=== PROBLEM DESCRIPTION ===
Please copy each line of the records below that holds the word "VECTOR".

-- DATA EXCERPTS follows --

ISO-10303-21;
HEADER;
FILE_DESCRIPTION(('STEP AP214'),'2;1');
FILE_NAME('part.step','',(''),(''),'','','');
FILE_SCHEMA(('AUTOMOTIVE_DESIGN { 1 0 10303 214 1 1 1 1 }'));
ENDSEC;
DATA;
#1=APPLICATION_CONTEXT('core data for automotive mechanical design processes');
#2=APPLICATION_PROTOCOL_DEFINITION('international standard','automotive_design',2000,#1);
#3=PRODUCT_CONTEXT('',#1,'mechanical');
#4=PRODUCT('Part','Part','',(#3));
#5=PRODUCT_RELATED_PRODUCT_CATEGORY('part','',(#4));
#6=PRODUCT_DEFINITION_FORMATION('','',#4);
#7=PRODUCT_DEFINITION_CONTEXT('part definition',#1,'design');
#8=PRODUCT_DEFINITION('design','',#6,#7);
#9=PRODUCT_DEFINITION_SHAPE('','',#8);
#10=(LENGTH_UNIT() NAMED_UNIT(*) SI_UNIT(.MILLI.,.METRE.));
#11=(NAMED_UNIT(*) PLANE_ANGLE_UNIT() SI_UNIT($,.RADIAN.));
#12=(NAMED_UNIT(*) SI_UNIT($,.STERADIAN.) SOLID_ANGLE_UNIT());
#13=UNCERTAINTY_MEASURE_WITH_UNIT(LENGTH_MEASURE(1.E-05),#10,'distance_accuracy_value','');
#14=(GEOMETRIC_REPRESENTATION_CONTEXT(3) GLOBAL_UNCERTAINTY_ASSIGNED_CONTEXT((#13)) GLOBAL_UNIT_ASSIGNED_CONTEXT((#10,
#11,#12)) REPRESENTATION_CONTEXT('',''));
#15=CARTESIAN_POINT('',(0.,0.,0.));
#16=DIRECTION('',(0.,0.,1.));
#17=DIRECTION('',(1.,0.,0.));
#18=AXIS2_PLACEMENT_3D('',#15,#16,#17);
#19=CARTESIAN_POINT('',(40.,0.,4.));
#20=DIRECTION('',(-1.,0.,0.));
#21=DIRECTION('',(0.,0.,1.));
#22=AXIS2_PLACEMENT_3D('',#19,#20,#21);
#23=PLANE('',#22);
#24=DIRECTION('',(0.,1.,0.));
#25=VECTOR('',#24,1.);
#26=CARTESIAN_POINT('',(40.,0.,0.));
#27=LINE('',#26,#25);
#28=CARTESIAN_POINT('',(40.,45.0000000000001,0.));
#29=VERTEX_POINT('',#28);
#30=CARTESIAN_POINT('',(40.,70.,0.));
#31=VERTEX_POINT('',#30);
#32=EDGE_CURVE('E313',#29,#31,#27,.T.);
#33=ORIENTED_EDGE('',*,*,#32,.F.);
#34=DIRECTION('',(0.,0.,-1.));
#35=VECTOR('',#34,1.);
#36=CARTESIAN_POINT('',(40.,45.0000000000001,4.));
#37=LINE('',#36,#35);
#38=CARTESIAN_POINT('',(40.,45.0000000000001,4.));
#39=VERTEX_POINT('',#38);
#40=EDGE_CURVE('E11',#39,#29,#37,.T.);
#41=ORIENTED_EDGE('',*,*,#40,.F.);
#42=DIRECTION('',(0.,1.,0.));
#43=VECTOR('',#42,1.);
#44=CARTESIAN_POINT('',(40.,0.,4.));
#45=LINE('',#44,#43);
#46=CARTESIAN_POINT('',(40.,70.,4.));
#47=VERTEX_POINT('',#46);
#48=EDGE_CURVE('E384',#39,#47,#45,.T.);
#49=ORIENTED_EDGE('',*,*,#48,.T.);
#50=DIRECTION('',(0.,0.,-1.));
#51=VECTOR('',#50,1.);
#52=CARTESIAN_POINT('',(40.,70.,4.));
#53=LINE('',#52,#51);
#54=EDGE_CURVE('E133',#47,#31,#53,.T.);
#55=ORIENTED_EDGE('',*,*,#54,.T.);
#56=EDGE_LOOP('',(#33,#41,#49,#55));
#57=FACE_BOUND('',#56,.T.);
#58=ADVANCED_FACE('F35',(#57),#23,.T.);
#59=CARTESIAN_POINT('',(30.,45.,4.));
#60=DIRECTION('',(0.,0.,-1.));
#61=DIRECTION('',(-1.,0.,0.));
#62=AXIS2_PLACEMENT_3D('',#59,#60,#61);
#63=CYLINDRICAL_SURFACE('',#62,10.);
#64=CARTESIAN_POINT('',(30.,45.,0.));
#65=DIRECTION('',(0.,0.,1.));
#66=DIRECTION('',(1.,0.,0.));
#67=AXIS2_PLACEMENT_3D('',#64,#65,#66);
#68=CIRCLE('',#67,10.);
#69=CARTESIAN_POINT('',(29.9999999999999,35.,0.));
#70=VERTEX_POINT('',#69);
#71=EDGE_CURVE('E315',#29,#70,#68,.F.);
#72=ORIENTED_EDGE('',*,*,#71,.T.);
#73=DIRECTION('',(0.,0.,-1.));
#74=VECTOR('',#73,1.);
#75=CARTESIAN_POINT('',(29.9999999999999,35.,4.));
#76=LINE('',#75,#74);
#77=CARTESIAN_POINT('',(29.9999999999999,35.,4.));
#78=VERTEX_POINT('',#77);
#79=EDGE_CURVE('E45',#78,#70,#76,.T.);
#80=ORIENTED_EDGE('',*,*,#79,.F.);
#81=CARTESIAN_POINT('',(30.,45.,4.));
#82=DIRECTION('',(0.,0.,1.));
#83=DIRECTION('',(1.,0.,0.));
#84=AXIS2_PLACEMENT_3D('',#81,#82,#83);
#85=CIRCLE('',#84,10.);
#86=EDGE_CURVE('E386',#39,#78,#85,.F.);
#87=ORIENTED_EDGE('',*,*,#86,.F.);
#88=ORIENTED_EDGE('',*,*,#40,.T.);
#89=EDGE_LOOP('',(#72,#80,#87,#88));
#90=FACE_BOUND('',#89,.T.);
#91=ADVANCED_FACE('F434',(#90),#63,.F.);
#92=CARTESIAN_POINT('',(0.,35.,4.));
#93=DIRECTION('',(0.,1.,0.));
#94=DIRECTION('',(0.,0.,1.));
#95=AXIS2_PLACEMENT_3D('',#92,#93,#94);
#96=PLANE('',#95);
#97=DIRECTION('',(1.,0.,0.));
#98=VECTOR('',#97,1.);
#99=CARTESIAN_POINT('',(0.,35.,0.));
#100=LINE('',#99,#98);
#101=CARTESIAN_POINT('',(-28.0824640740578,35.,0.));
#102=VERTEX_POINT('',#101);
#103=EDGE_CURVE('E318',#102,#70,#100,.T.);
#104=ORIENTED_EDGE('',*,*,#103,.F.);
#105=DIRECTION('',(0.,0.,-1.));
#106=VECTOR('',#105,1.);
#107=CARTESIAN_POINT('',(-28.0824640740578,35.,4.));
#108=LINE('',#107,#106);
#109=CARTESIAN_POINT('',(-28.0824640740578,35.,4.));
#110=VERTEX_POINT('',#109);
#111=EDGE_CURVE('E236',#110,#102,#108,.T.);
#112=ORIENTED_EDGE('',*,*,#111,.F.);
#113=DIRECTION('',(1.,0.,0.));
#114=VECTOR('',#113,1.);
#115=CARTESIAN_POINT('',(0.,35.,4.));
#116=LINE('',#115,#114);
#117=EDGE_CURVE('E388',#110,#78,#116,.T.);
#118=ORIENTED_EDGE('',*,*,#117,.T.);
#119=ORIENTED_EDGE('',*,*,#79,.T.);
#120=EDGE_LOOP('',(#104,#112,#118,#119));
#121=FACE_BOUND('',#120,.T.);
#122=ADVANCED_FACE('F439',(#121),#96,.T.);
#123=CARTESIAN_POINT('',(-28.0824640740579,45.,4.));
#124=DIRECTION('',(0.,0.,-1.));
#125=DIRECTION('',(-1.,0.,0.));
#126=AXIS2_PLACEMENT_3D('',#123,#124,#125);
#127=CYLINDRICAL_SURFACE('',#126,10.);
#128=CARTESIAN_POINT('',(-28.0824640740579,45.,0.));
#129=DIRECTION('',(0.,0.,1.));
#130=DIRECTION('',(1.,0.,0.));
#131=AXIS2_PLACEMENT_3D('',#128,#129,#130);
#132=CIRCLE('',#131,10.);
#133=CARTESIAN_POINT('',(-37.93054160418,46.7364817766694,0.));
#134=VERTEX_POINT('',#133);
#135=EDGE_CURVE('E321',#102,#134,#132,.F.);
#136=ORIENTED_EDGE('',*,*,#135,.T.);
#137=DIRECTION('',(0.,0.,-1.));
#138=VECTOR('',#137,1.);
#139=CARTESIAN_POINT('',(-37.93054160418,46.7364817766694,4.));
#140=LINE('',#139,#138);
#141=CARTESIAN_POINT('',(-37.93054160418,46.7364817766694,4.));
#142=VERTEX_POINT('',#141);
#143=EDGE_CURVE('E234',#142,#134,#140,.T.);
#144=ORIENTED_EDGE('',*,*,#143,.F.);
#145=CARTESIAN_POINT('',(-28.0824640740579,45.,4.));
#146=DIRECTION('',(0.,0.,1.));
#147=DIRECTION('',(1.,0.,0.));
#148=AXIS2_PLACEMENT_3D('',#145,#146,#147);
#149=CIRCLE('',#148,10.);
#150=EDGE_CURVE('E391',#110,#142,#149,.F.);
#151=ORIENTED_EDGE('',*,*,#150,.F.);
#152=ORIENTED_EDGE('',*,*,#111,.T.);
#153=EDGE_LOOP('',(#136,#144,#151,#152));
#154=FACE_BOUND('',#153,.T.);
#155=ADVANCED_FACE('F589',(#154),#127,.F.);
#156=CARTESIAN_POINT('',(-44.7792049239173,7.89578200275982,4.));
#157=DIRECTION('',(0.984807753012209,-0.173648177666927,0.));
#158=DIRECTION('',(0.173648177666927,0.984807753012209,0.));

-- DATA EXCERPTS concluded --

=== ANSWER TO THE EXERCISE ===
#25=VECTOR('',#24,1.);
#35=VECTOR('',#34,1.);
#43=VECTOR('',#42,1.);
#51=VECTOR('',#50,1.);
#74=VECTOR('',#73,1.);
#98=VECTOR('',#97,1.);
#106=VECTOR('',#105,1.);
#114=VECTOR('',#113,1.);
#138=VECTOR('',#137,1.);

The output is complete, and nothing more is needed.